In the past I've had pressure front and back in other brands of FF. If you're careful, you can often shave away a bit of foam to dial in the fit. Still, it would be much better if you could try before you buy. But if thats not a possibility, I'd go for it

It sounds funny but if you have fat cheeks the Remedy will squish the sh!t outta them for a month or two until the padding packs out.


----------



## njhcx4xlife (Jan 9, 2006)

I just picked up a 2010 EVO so not sure if it is the same sizing as the one you had. I had a medium Remedy, medium Fox and now the medium EVO. The 661 and Giro fit about the same, the Fox was a hair smaller.


----------



## SHIVER ME TIMBERS (Jan 12, 2004)

I wear a large in most helmets, but wear a medium in The Remedy


----------



## mykel (Jul 31, 2006)

Medium Giro Hex and Medium Remedy CF.
I also agree with the tight cheeks when new. 

michael


----------



## tygger (Apr 26, 2007)

Glad to hear the cheek pads break in after some usage... but is there any way to speed up the break in process other than suffering through squished cheeks?


----------



## NoRoadie (May 17, 2010)

I measure 59cm too  and the Giro Remedy M fit, but tightly. 
I wore it for 15-20 minutes and it felt like too much pressure, so I moved up to the Large.
The large is definitely more comfortable for me, but it moves too much for me to be confident in the fit.

I also tried the Specialized Deviant in the Medium to see if I could get a better fit, and I couldn't even put it completely on my head. The large fit similar to the Giro large, a bit too much movement.

For now I'm wearing the large, but I'd like to find a better fit in something that doesn't look so alienish.
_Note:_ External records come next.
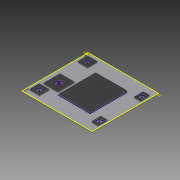
# Autodesk Inventor part: Back_part
Saved by Autodesk Inventor 2015 SP2 (Build 190223200, 223)
## iProperties
Created: 2016-11-11
Part Number: Back_part
Material: Generic
Document SubType Name: Modeling
Designer: Yann Cesbron
Density: 1 g/cm^3
Appearance: Default
Mass: 3708.65 g
Surface Area: 8125 cm^2
Volume: 3708.65 cm^3
Material: Perspex Black 9961 -10 mm
Author: Yann Cesbron
Autodesk Inventor part; units mm, degrees
ref_plane "YZ Plane" through (0, 0, 0) normal (1, 0, 0) x (0, 1, 0)
ref_plane "XZ Plane" through (0, 0, 0) normal (0, 1, 0) x (-1, 0, 0)
ref_plane "XY Plane" through (0, 0, 0) normal (0, 0, 1) x (1, 0, 0)
ref_plane "Work Plane1" through (0, 0, 0) normal (0, 0, 1) x (1, 0, 0)
sketch "Sketch1" plane through (0, 0, 0) normal (0, 0, 1) x (1, 0, 0)
  point P0 (0, 0)
ref_plane "Work Plane2" through (0, 0, 0) normal (0, 0, 1) x (1, 0, 0)
sketch "Sketch2" plane through (0, 0, 0) normal (0, 0, 1) x (1, 0, 0)
  line L0 (0, 10) -> (620, 10)
  line L1 (620, 10) -> (620, -575)
  line L2 (620, -575) -> (0, -575)
  line L3 (0, -575) -> (0, 10)
  point P0 (0, 0)
  dimension "d0" = 620
  dimension "d1" = 585
  dimension "d2" = 620
  dimension "d254" = 10
  constraints: 8 end point, 2 parallel, 1 horizontal, 1 perpendicular
  measures "d0" distance of L1.end L2.end
  measures "d1" distance between parallel lines of L0 L2
  measures "d2" distance from line of point (0, 0) L1
  measures "d254" distance from line of point (0, 0) L0
extrude "Extrusion1" add sketch "Sketch2" along normal blind 10
sketch "Excitation_port" plane through (0, 0, 10) normal (0, 0, 1) x (1, 0, 0)
  circle A0 centre (110, -357) radius 13
  line L0 (0, 10) -> (0, -575) projected
  line L1 (0, -575) -> (620, -575) projected
  circle A1 centre (110, -357) radius 30
  point P0 (0, 0)
  dimension "d6" = 26
  dimension "d7" = 110
  dimension "d8" = 218
  dimension "d9" = 60
  constraints: 2 centre point, 1 concentric
  measures "d6" diameter of A0
  measures "d7" distance from line of L0 A0.centre
  measures "d8" distance from line of L1 A0.centre
  measures "d9" diameter of A1
sketch "Air_duct_shapes_back" plane through (0, 0, 10) normal (0, 0, 1) x (1, 0, 0)
  circle A0 centre (75, -70) radius 23.5
  line L0 (0, 10) -> (0, -575) projected
  line L1 (620, 10) -> (0, 10) projected
  circle A1 centre (580, -470) radius 23.5
  circle A2 centre (580, -95) radius 23.5
  circle A3 centre (75, -495) radius 23.5
  line L2 (0, -575) -> (620, -575) projected
  line L3 (620, -575) -> (620, 10) projected
  point P0 (0, 0)
  dimension "d10" = 47
  dimension "d11" = 75
  dimension "d12" = 80
  dimension "d13" = 47
  dimension "d14" = 47
  dimension "d15" = 47
  dimension "d16" = 80
  dimension "d17" = 75
  dimension "d18" = 105
  dimension "d19" = 105
  dimension "d20" = 40
  dimension "d21" = 40
  constraints: 4 centre point
  measures "d10" diameter of A0
  measures "d11" distance from line of L0 A0.centre
  measures "d12" distance from line of L1 A0.centre
  measures "d13" diameter of A1
  measures "d14" diameter of A2
  measures "d15" diameter of A3
  measures "d16" distance from line of L2 A3.centre
  measures "d17" distance from line of L0 A3.centre
  measures "d18" distance from line of L2 A1.centre
  measures "d19" distance from line of L1 A2.centre
  measures "d20" distance from line of L3 A2.centre
  measures "d21" distance from line of L3 A1.centre
sketch "Flanges_back" plane through (0, 0, 10) normal (0, 0, 1) x (1, 0, 0)
  line L0 (620, -575) -> (620, 10) projected
  circle A0 centre (580, -95) radius 23.75
  line L1 (605, -52.5) -> (555, -52.5)
  line L2 (550, -57.5) -> (550, -132.5)
  line L3 (555, -137.5) -> (605, -137.5)
  line L4 (610, -132.5) -> (610, -57.5)
  line L5 (610, -52.5) -> (550, -137.5) construction
  line L6 (550, -52.5) -> (610, -137.5) construction
  line L7 (620, 10) -> (0, 10) projected
  circle A1 centre (580, -470) radius 23.75
  line L8 (0, -575) -> (620, -575) projected
  line L9 (555, -512.5) -> (605, -512.5)
  line L10 (610, -507.5) -> (610, -432.5)
  line L11 (605, -427.5) -> (555, -427.5)
  line L12 (550, -432.5) -> (550, -507.5)
  line L13 (550, -512.5) -> (610, -427.5) construction
  line L14 (610, -512.5) -> (550, -427.5) construction
  circle A2 centre (75, -70) radius 23.75
  line L15 (0, 10) -> (0, -575) projected
  line L16 (35, -115) -> (115, -115)
  line L17 (120, -110) -> (120, -30)
  line L18 (115, -25) -> (35, -25)
  line L19 (30, -30) -> (30, -110)
  line L20 (30, -115) -> (120, -25) construction
  line L21 (120, -115) -> (30, -25) construction
  circle A3 centre (75, -495) radius 23.75
  line L22 (35, -540) -> (115, -540)
  line L23 (120, -535) -> (120, -455)
  line L24 (115, -450) -> (35, -450)
  line L25 (30, -455) -> (30, -535)
  line L26 (30, -540) -> (120, -450) construction
  line L27 (120, -540) -> (30, -450) construction
  circle A4 centre (110, -357) radius 30
  line L28 (50, -432) -> (170, -432)
  line L29 (175, -427) -> (175, -287)
  line L30 (170, -282) -> (50, -282)
  line L31 (45, -287) -> (45, -427)
  line L32 (45, -432) -> (175, -282) construction
  line L33 (175, -432) -> (45, -282) construction
  circle A5 centre (602.5, -60) radius 2.25
  circle A6 centre (557.5, -60) radius 2.25
  circle A7 centre (557.5, -130) radius 2.25
  circle A8 centre (602.5, -130) radius 2.25
  circle A9 centre (602.5, -505) radius 2.25
  circle A10 centre (602.5, -435) radius 2.25
  circle A11 centre (557.5, -435) radius 2.25
  circle A12 centre (557.5, -505) radius 2.25
  circle A13 centre (75, -32.5) radius 2.25
  circle A14 centre (112.5, -70) radius 2.25
  circle A15 centre (75, -107.5) radius 2.25
  circle A16 centre (37.5, -70) radius 2.25
  circle A17 centre (112.5, -495) radius 2.25
  circle A18 centre (75, -532.5) radius 2.25
  circle A19 centre (75, -457.5) radius 2.25
  circle A20 centre (37.5, -495) radius 2.25
  circle A21 centre (167.5, -317) radius 2.25
  circle A22 centre (167.5, -397) radius 2.25
  circle A23 centre (110, -424.5) radius 2.25
  circle A24 centre (110, -289.5) radius 2.25
  circle A25 centre (52.5, -317) radius 2.25
  circle A26 centre (52.5, -397) radius 2.25
  arc A27 (115, -115) -> (120, -110) centre (115, -110) ccw
  arc A28 (120, -30) -> (115, -25) centre (115, -30) ccw
  arc A29 (35, -25) -> (30, -30) centre (35, -30) ccw
  arc A30 (30, -110) -> (35, -115) centre (35, -110) ccw
  arc A31 (115, -540) -> (120, -535) centre (115, -535) ccw
  arc A32 (120, -455) -> (115, -450) centre (115, -455) ccw
  arc A33 (35, -450) -> (30, -455) centre (35, -455) ccw
  arc A34 (30, -535) -> (35, -540) centre (35, -535) ccw
  arc A35 (175, -287) -> (170, -282) centre (170, -287) ccw
  arc A36 (50, -282) -> (45, -287) centre (50, -287) ccw
  arc A37 (45, -427) -> (50, -432) centre (50, -427) ccw
  arc A38 (170, -432) -> (175, -427) centre (170, -427) ccw
  arc A39 (550, -507.5) -> (555, -512.5) centre (555, -507.5) ccw
  arc A40 (605, -512.5) -> (610, -507.5) centre (605, -507.5) ccw
  arc A41 (610, -432.5) -> (605, -427.5) centre (605, -432.5) ccw
  arc A42 (555, -427.5) -> (550, -432.5) centre (555, -432.5) ccw
  arc A43 (555, -52.5) -> (550, -57.5) centre (555, -57.5) ccw
  arc A44 (610, -57.5) -> (605, -52.5) centre (605, -57.5) ccw
  arc A45 (605, -137.5) -> (610, -132.5) centre (605, -132.5) ccw
  arc A46 (550, -132.5) -> (555, -137.5) centre (555, -132.5) ccw
  point P0 (0, 0)
  point P1 (580, -95)
  point P2 (580, -470)
  point P3 (75, -495)
  point P4 (110, -357)
  dimension "d69" = 47.5
  dimension "d70" = 105
  dimension "d71" = 60
  dimension "d72" = 85
  dimension "d75" = 47.5
  dimension "d76" = 40
  dimension "d77" = 105
  dimension "d78" = 60
  dimension "d79" = 85
  dimension "d80" = 40
  dimension "d81" = 47.5
  dimension "d82" = 80
  dimension "d83" = 75
  dimension "d84" = 90
  dimension "d86" = 47.5
  dimension "d87" = 80
  dimension "d88" = 75
  dimension "d91" = 60
  dimension "d92" = 130
  dimension "d93" = 150
  dimension "d94" = 110
  dimension "d95" = 218
  dimension "d109" = 4.5
  dimension "d110" = 7.5
  dimension "d111" = 7.5
  dimension "d112" = 4.5
  dimension "d113" = 7.5
  dimension "d114" = 7.5
  dimension "d115" = 4.5
  dimension "d116" = 7.5
  dimension "d117" = 7.5
  dimension "d118" = 4.5
  dimension "d119" = 7.5
  dimension "d120" = 7.5
  dimension "d135" = 4.5
  dimension "d136" = 4.5
  dimension "d137" = 4.5
  dimension "d138" = 4.5
  dimension "d139" = 7.5
  dimension "d140" = 7.5
  dimension "d141" = 7.5
  dimension "d142" = 7.5
  dimension "d143" = 7.5
  dimension "d144" = 7.5
  dimension "d145" = 7.5
  dimension "d146" = 7.5
  dimension "d170" = 4.5
  dimension "d171" = 4.5
  dimension "d172" = 4.5
  dimension "d173" = 4.5
  dimension "d174" = 7.5
  dimension "d175" = 7.5
  dimension "d176" = 7.5
  dimension "d177" = 7.5
  dimension "d178" = 45
  dimension "d179" = 45
  dimension "d180" = 45
  dimension "d181" = 45
  dimension "d194" = 4.5
  dimension "d195" = 4.5
  dimension "d196" = 4.5
  dimension "d197" = 4.5
  dimension "d198" = 7.5
  dimension "d199" = 7.5
  constraints: 60 end point, 47 centre point, 40 point on circle, 40 point on line, 40 tangent, 16 midpoint, 15 equal radius, 10 parallel, 7 perpendicular, 5 coincident, 5 horizontal
  measures "d69" diameter of A0
  measures "d70" distance from line of L7 A0.centre
  measures "d71" distance of L5.end L6.end
  measures "d72" distance between parallel lines of L3 L1
  measures "d75" diameter of A1
  measures "d76" distance from line of L0 A1.centre
  measures "d77" distance from line of L8 A1.centre
  measures "d78" distance of L14.end L13.end
  measures "d79" distance of L13.end L14.start
  measures "d80" distance from line of L0 point (580, -95)
  measures "d81" diameter of A2
  measures "d82" distance from line of L7 A2.centre
  measures "d83" distance from line of L15 A2.centre
  measures "d84" distance of L21.end L20.end
  measures "d86" diameter of A3
  measures "d87" distance from line of L8 A3.centre
  measures "d88" distance from line of L15 A3.centre
  measures "d91" diameter of A4
  measures "d92" distance of L33.end L32.end
  measures "d93" distance of L32.end L33.start
  measures "d94" distance from line of L15 A4.centre
  measures "d95" distance from line of L8 A4.centre
  measures "d109" diameter of A5
  measures "d110" distance from line of L4 A5.centre
  measures "d111" distance from line of L1 A5.centre
  measures "d112" diameter of A6
  measures "d113" distance from line of L2 A6.centre
  measures "d114" distance from line of L1 A6.centre
  measures "d115" diameter of A7
  measures "d116" distance from line of L3 A7.centre
  measures "d117" distance from line of L2 A7.centre
  measures "d118" diameter of A8
  measures "d119" distance from line of L3 A8.centre
  measures "d120" distance from line of L4 A8.centre
  measures "d135" diameter of A9
  measures "d136" diameter of A10
  measures "d137" diameter of A11
  measures "d138" diameter of A12
  measures "d139" distance from line of A9.centre L9
  measures "d140" distance from line of L10 A9.centre
  measures "d141" distance from line of L10 A10.centre
  measures "d142" distance from line of L11 A10.centre
  measures "d143" distance from line of L12 A11.centre
  measures "d144" distance from line of L11 A11.centre
  measures "d145" distance from line of L9 A12.centre
  measures "d146" distance from line of L12 A12.centre
  measures "d170" diameter of A13
  measures "d171" diameter of A14
  measures "d172" diameter of A15
  measures "d173" diameter of A16
  measures "d174" distance from line of L17 A14.centre
  measures "d175" distance from line of L16 A15.centre
  measures "d176" distance from line of L18 A13.centre
  measures "d177" distance from line of L19 A16.centre
  measures "d178" distance from line of A14.centre L18
  measures "d179" distance from line of L17 A15.centre
  measures "d180" distance from line of L16 A16.centre
  measures "d181" distance from line of L19 A13.centre
  measures "d194" diameter of A17
  measures "d195" diameter of A18
  measures "d196" diameter of A19
  measures "d197" diameter of A20
  measures "d198" distance from line of L23 A17.centre
  measures "d199" distance from line of L22 A18.centre
sketch "Cut_out_back" plane through (0, 0, 10) normal (0, 0, 1) x (1, 0, 0)
  line L0 (620, 10) -> (0, 10) projected
  line L1 (0, 10) -> (0, -575) projected
  line L2 (557.5, -67.5) -> (602.5, -67.5)
  line L3 (607.5, -72.5) -> (607.5, -117.5)
  line L4 (602.5, -122.5) -> (557.5, -122.5)
  line L5 (552.5, -117.5) -> (552.5, -72.5)
  line L6 (552.5, -67.5) -> (607.5, -122.5) construction
  line L7 (607.5, -67.5) -> (552.5, -122.5) construction
  line L8 (557.5, -442.5) -> (602.5, -442.5)
  line L9 (607.5, -447.5) -> (607.5, -492.5)
  line L10 (602.5, -497.5) -> (557.5, -497.5)
  line L11 (552.5, -492.5) -> (552.5, -447.5)
  line L12 (552.5, -442.5) -> (607.5, -497.5) construction
  line L13 (607.5, -442.5) -> (552.5, -497.5) construction
  line L14 (0, -575) -> (620, -575) projected
  line L15 (620, -575) -> (620, 10) projected
  arc A0 (552.5, -117.5) -> (557.5, -122.5) centre (557.5, -117.5) ccw
  arc A1 (557.5, -67.5) -> (552.5, -72.5) centre (557.5, -72.5) ccw
  arc A2 (607.5, -72.5) -> (602.5, -67.5) centre (602.5, -72.5) ccw
  arc A3 (602.5, -122.5) -> (607.5, -117.5) centre (602.5, -117.5) ccw
  arc A4 (557.5, -442.5) -> (552.5, -447.5) centre (557.5, -447.5) ccw
  arc A5 (607.5, -447.5) -> (602.5, -442.5) centre (602.5, -447.5) ccw
  arc A6 (602.5, -497.5) -> (607.5, -492.5) centre (602.5, -492.5) ccw
  arc A7 (552.5, -492.5) -> (557.5, -497.5) centre (557.5, -492.5) ccw
  line L16 (65, -417) -> (155, -417)
  line L17 (160, -412) -> (160, -302)
  line L18 (155, -297) -> (65, -297)
  line L19 (60, -302) -> (60, -412)
  line L20 (60, -417) -> (160, -297) construction
  line L21 (160, -417) -> (60, -297) construction
  arc A8 (65, -297) -> (60, -302) centre (65, -302) ccw
  arc A9 (160, -302) -> (155, -297) centre (155, -302) ccw
  arc A10 (155, -417) -> (160, -412) centre (155, -412) ccw
  arc A11 (60, -412) -> (65, -417) centre (65, -412) ccw
  line L22 (100, -40) -> (50, -40)
  line L23 (45, -45) -> (45, -95)
  line L24 (50, -100) -> (100, -100)
  line L25 (105, -95) -> (105, -45)
  line L26 (105, -40) -> (45, -100) construction
  line L27 (45, -40) -> (105, -100) construction
  arc A12 (100, -100) -> (105, -95) centre (100, -95) ccw
  arc A13 (105, -45) -> (100, -40) centre (100, -45) ccw
  arc A14 (50, -40) -> (45, -45) centre (50, -45) ccw
  arc A15 (45, -95) -> (50, -100) centre (50, -95) ccw
  line L28 (100, -465) -> (50, -465)
  line L29 (45, -470) -> (45, -520)
  line L30 (50, -525) -> (100, -525)
  line L31 (105, -520) -> (105, -470)
  line L32 (105, -465) -> (45, -525) construction
  line L33 (45, -465) -> (105, -525) construction
  arc A16 (100, -525) -> (105, -520) centre (100, -520) ccw
  arc A17 (105, -470) -> (100, -465) centre (100, -470) ccw
  arc A18 (50, -465) -> (45, -470) centre (50, -470) ccw
  arc A19 (45, -520) -> (50, -525) centre (50, -520) ccw
  circle A20 centre (602.5, -130) radius 1.65
  circle A21 centre (602.5, -60) radius 1.65
  circle A22 centre (557.5, -60) radius 1.65
  circle A23 centre (557.5, -130) radius 1.65
  circle A24 centre (602.5, -505) radius 1.65
  circle A25 centre (557.5, -505) radius 1.65
  circle A26 centre (557.5, -435) radius 1.65
  circle A27 centre (602.5, -435) radius 1.65
  circle A28 centre (112.5, -70) radius 1.65
  circle A29 centre (75, -32.5) radius 1.65
  circle A30 centre (37.5, -70) radius 1.65
  circle A31 centre (75, -107.5) radius 1.65
  circle A32 centre (112.5, -495) radius 1.65
  circle A33 centre (37.5, -495) radius 1.65
  circle A34 centre (75, -532.5) radius 1.65
  circle A35 centre (75, -457.5) radius 1.65
  circle A36 centre (167.5, -317) radius 1.65
  circle A37 centre (167.5, -397) radius 1.65
  circle A38 centre (110, -424.5) radius 1.65
  circle A39 centre (52.5, -397) radius 1.65
  circle A40 centre (52.5, -317) radius 1.65
  circle A41 centre (110, -289.5) radius 1.65
  line L34 (0, 10) -> (20, 10)
  line L35 (20, 10) -> (20, -35)
  line L36 (20, -35) -> (0, -35)
  line L37 (0, -35) -> (0, 10)
  line L38 (0, -575) -> (20, -575)
  line L39 (20, -575) -> (20, -530)
  line L40 (20, -530) -> (0, -530)
  line L41 (0, -530) -> (0, -575)
  circle A42 centre (35, 5) radius 2.25
  circle A43 centre (170, 5) radius 2.25
  circle A44 centre (305, 5) radius 2.25
  circle A45 centre (440, 5) radius 2.25
  circle A46 centre (575, 5) radius 2.25
  circle A47 centre (35, -570) radius 2.25
  circle A48 centre (170, -570) radius 2.25
  circle A49 centre (305, -570) radius 2.25
  circle A50 centre (440, -570) radius 2.25
  circle A51 centre (575, -570) radius 2.25
  circle A52 centre (615, -30) radius 2.25
  circle A53 centre (615, -195) radius 2.25
  circle A54 centre (615, -370) radius 2.25
  circle A55 centre (615, -535) radius 2.25
  line L42 (220, -432.5) -> (450, -432.5)
  line L43 (460, -422.5) -> (460, -142.5)
  line L44 (450, -132.5) -> (220, -132.5)
  line L45 (210, -142.5) -> (210, -422.5)
  line L46 (210, -432.5) -> (460, -132.5) construction
  line L47 (460, -432.5) -> (210, -132.5) construction
  arc A56 (450, -432.5) -> (460, -422.5) centre (450, -422.5) ccw
  arc A57 (460, -142.5) -> (450, -132.5) centre (450, -142.5) ccw
  arc A58 (220, -132.5) -> (210, -142.5) centre (220, -142.5) ccw
  arc A59 (210, -422.5) -> (220, -432.5) centre (220, -422.5) ccw
  point P0 (0, 0)
  point P1 (580, -95)
  point P2 (580, -470)
  point P3 (110, -357)
  point P4 (75, -70)
  point P5 (75, -495)
  point P6 (335, -282.5)
  point P7 (467.5, -147.5)
  point P8 (467.5, -417.5)
  point P9 (445, -125)
  point P10 (445, -440)
  point P11 (225, -440)
  point P12 (202.5, -417.5)
  point P13 (202.5, -147.5)
  point P14 (225, -125)
  point P15 (335, -125)
  point P16 (467.5, -282.5)
  point P17 (335, -440)
  point P18 (202.5, -282.5)
  dimension "d26" = 55
  dimension "d31" = 105
  dimension "d32" = 40
  dimension "d33" = 105
  dimension "d34" = 40
  dimension "d36" = 55
  dimension "d37" = 5
  dimension "d38" = 5
  dimension "d41" = 100
  dimension "d45" = 110
  dimension "d46" = 218
  dimension "d47" = 120
  dimension "d48" = 5
  dimension "d49" = 60
  dimension "d52" = 5
  dimension "d53" = 60
  dimension "d54" = 5
  dimension "d57" = 80
  dimension "d58" = 75
  dimension "d59" = 80
  dimension "d60" = 75
  dimension "d97" = 3.3
  dimension "d98" = 7.5
  dimension "d99" = 5
  dimension "d100" = 3.3
  dimension "d101" = 3.3
  dimension "d102" = 3.3
  dimension "d105" = 45
  dimension "d108" = 7.5
  dimension "d121" = 3.3
  dimension "d122" = 3.3
  dimension "d123" = 3.3
  dimension "d124" = 3.3
  dimension "d125" = 7.5
  dimension "d126" = 7.5
  dimension "d127" = 7.5
  dimension "d130" = 5
  dimension "d131" = 45
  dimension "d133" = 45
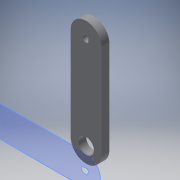
# Autodesk Inventor part: Part5
Saved by Autodesk Inventor 2016 (Build 200138000, 138)
## iProperties
Created: 2017-09-19
Part Number: Part5
Material: Generic
Document SubType Name: Modeling
Designer: student
Density: 1 g/cm^3
Appearance: Default
Author: student
Autodesk Inventor part; units mm, degrees
ref_plane "YZ Plane" through (0, 0, 0) normal (1, 0, 0) x (0, 1, 0)
ref_plane "XZ Plane" through (0, 0, 0) normal (0, 1, 0) x (-1, 0, 0)
ref_plane "XY Plane" through (0, 0, 0) normal (0, 0, 1) x (1, 0, 0)
sketch "Sketch1" plane through (0, 0, 0) normal (0, 0, 1) x (1, 0, 0)
  circle A0 centre (49.1868, 0) radius 3.175
  arc A1 (50.1181, 39.1289) -> (50.1181, 37.0464) centre (49.1868, 38.0877) ccw
  line L0 (49.1868, 38.0877) -> (49.1868, 0) construction
  line L1 (42.8368, 38.0877) -> (42.8368, 0)
  line L2 (55.5368, 0) -> (55.5368, 38.0877)
  arc A2 (55.5368, 38.0877) -> (42.8368, 38.0877) centre (49.1868, 38.0877) ccw
  arc A3 (42.8368, 0) -> (55.5368, 0) centre (49.1868, 0) ccw
  line L3 (47.7898, 38.0877) -> (50.3298, 38.0877) construction
  line L4 (50.1181, 37.0464) -> (50.1181, 39.1289)
  point P0 (49.1868, 19.0438)
  dimension "d0" = 12.7
  dimension "d3" = 2.794
  dimension "d4" = 2.54
  constraints: 12 end point, 7 point on circle, 4 centre point, 4 tangent, 2 vertical, 1 horizontal, 1 midpoint, 1 parallel
  measures "d0" diameter of A3
  measures "d3" diameter of A1
  measures "d4" distance of L3.start L3.end
extrude "Extrusion1" add sketch "Sketch1" along normal blind 3.175
body "Solid1"
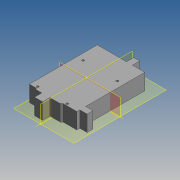
# Autodesk Inventor part: P016_FondBoitierCapteurs
Saved by Autodesk Inventor 2021.3 (Build 253353000, 353)
## iProperties
Created: 2021-10-29
Part Number: P016_FondBoitierCapteurs
Material: Générique
Document SubType Name: Modeling
Designer: gabri
Density: 1 g/cm^3
Appearance: Par défaut
Author: gabri
Autodesk Inventor part; units mm, degrees
sketch "Sketch2" plane through (0, 0, 0) normal (0, 0, 1) x (1, 0, 0)
  line L0 (11.535, -47.52) -> (-21.535, -47.52)
  line L1 (-32.535, -45.52) -> (-32.535, 47.52)
  line L2 (-32.535, 47.52) -> (32.535, 47.52)
  line L3 (32.535, 47.52) -> (32.535, -45.52)
  line L4 (32.535, -47.52) -> (-32.535, 47.52) construction
  line L5 (-32.535, -47.52) -> (32.535, 47.52) construction
  line L6 (-32.535, -45.52) -> (-23.535, -45.52)
  line L7 (-23.535, -45.52) -> (-21.535, -47.52)
  line L8 (11.535, -47.52) -> (13.535, -45.52)
  line L9 (13.535, -45.52) -> (32.535, -45.52)
  circle A0 centre (-23.985, -42.97) radius 1.55
  circle A1 centre (16.585, -42.97) radius 1.55
  circle A2 centre (-23.985, 19.39) radius 1.55
  circle A3 centre (23.985, 18.43) radius 1.55
  line L10 (-47.549, 0) -> (57.549, 0) construction
  line L11 (0, 80.528) -> (0, -80.528) construction
  line L12 (-13.535, -47.52) -> (-2.535, -47.52)
  line L13 (-2.535, -47.52) -> (-2.535, -57.52)
  line L14 (-2.535, -57.52) -> (-13.535, -57.52)
  line L15 (-13.535, -57.52) -> (-13.535, -47.52)
  line L16 (32.535, -33.52) -> (42.535, -33.52)
  line L17 (42.535, -33.52) -> (42.535, -41.52)
  line L18 (42.535, -41.52) -> (32.535, -41.52)
  line L19 (32.535, -41.52) -> (32.535, -33.52)
  line L20 (7.535, 47.52) -> (15.535, 47.52)
  line L21 (15.535, 47.52) -> (15.535, 57.52)
  line L22 (15.535, 57.52) -> (7.535, 57.52)
  line L23 (7.535, 57.52) -> (7.535, 47.52)
  point P0 (0, 0)
  point P1 (0, 0)
  point P2 (0, 0)
  dimension "d56" = 65.07
  dimension "d57" = 95.04
  dimension "d58" = 2
  dimension "d59" = 9
  dimension "d60" = 11
  dimension "d61" = 21
  dimension "d62" = 19
  dimension "d63" = 8.55
  dimension "d64" = 3.1
  dimension "d65" = 2.55
  dimension "d66" = 2.55
  dimension "d67" = 15.95
  dimension "d68" = 8.55
  dimension "d69" = 64.91
  dimension "d70" = 3.1
  dimension "d71" = 3.1
  dimension "d72" = 3.1
  dimension "d73" = 63.95
  dimension "d74" = 8.55
  dimension "d75" = 47.52
  dimension "d76" = 32.535
  dimension "d77" = 19
  dimension "d78" = 11
  dimension "d79" = 10
  dimension "d80" = 4
  dimension "d81" = 8
  dimension "d82" = 10
  dimension "d83" = 8
  dimension "d84" = 10
  dimension "d85" = 17
  constraints: 44 end point, 8 parallel, 5 perpendicular, 5 point on line, 4 centre point, 4 horizontal, 3 midpoint, 1 coincident
  measures "d56" distance of L1.end L2.end
  measures "d57" distance between parallel lines of L0 L2
  measures "d58" distance between parallel lines of L0 L6
  measures "d59" distance of L1.start L6.end
  measures "d60" distance from line of L0.end L1
  measures "d61" distance from line of L0.start L3
  measures "d62" distance from line of L3 L8.end
  measures "d63" distance from line of A0.centre L1
  measures "d64" diameter of A0
  measures "d65" distance from line of L6 A0.centre
  measures "d66" distance from line of L9 A1.centre
  measures "d67" distance from line of L3 A1.centre
  measures "d68" distance from line of L1 A2.centre
  measures "d69" distance from line of L6 A2.centre
  measures "d70" diameter of A2
  measures "d71" diameter of A1
  measures "d72" diameter of A3
  measures "d73" distance from line of L9 A3.centre
  measures "d74" distance from line of L3 A3.centre
  measures "d75" distance between parallel lines of L10 L2
  measures "d76" distance between parallel lines of L11 L1
  measures "d77" distance between parallel lines of L15 L1
  measures "d78" distance between parallel lines of L13 L15
  measures "d79" distance between parallel lines of L14 L0
  measures "d80" distance between parallel lines of L18 L9
  measures "d81" distance between parallel lines of L18 L16
  measures "d82" distance of L16.start L16.end
  measures "d83" distance between parallel lines of L21 L23
  measures "d84" distance between parallel lines of L20 L22
  measures "d85" distance between parallel lines of L3 L21
extrude "Extrusion1" add sketch "Sketch2" along normal blind 22
equation "\"d66\" = d65"
body "Solid1"

Shaving the Medium foam a bit is not a bad idea at all, that never crossed my mind. :madman:


----------



## tygger (Apr 26, 2007)

Foam as in the cheek cushions or the helmet material?


----------



## CaveGiant (Aug 21, 2007)

Always try a helmet before your buy, getting fit advice of the net is not a good idea.

At least buy from somewhere where you can return if it does not fit.

buy 3-4 at once then send back the ones that don't fit.

Seriously you could get hurt taking your current route.


----------



## Freerydejunky (Sep 21, 2006)

Sounds like you have a medium sized dome. 

So get a medium? 

I have a pinsized head. So I got a small. Woo!


----------



## CaRaBeeN (Mar 24, 2012)

Quite old thread but wanted to share my experience as well.

My head size is right in between 58-59cm
I go with Large Remedy (59-63cm), it was very comfortable. 
However when I got Leatt neck brace, I've noticed that it's not going to do the job, as it's moving around a lot when it contacts with neck brace.

I wonder if I buy medium cheek pads, would it be OK?


----------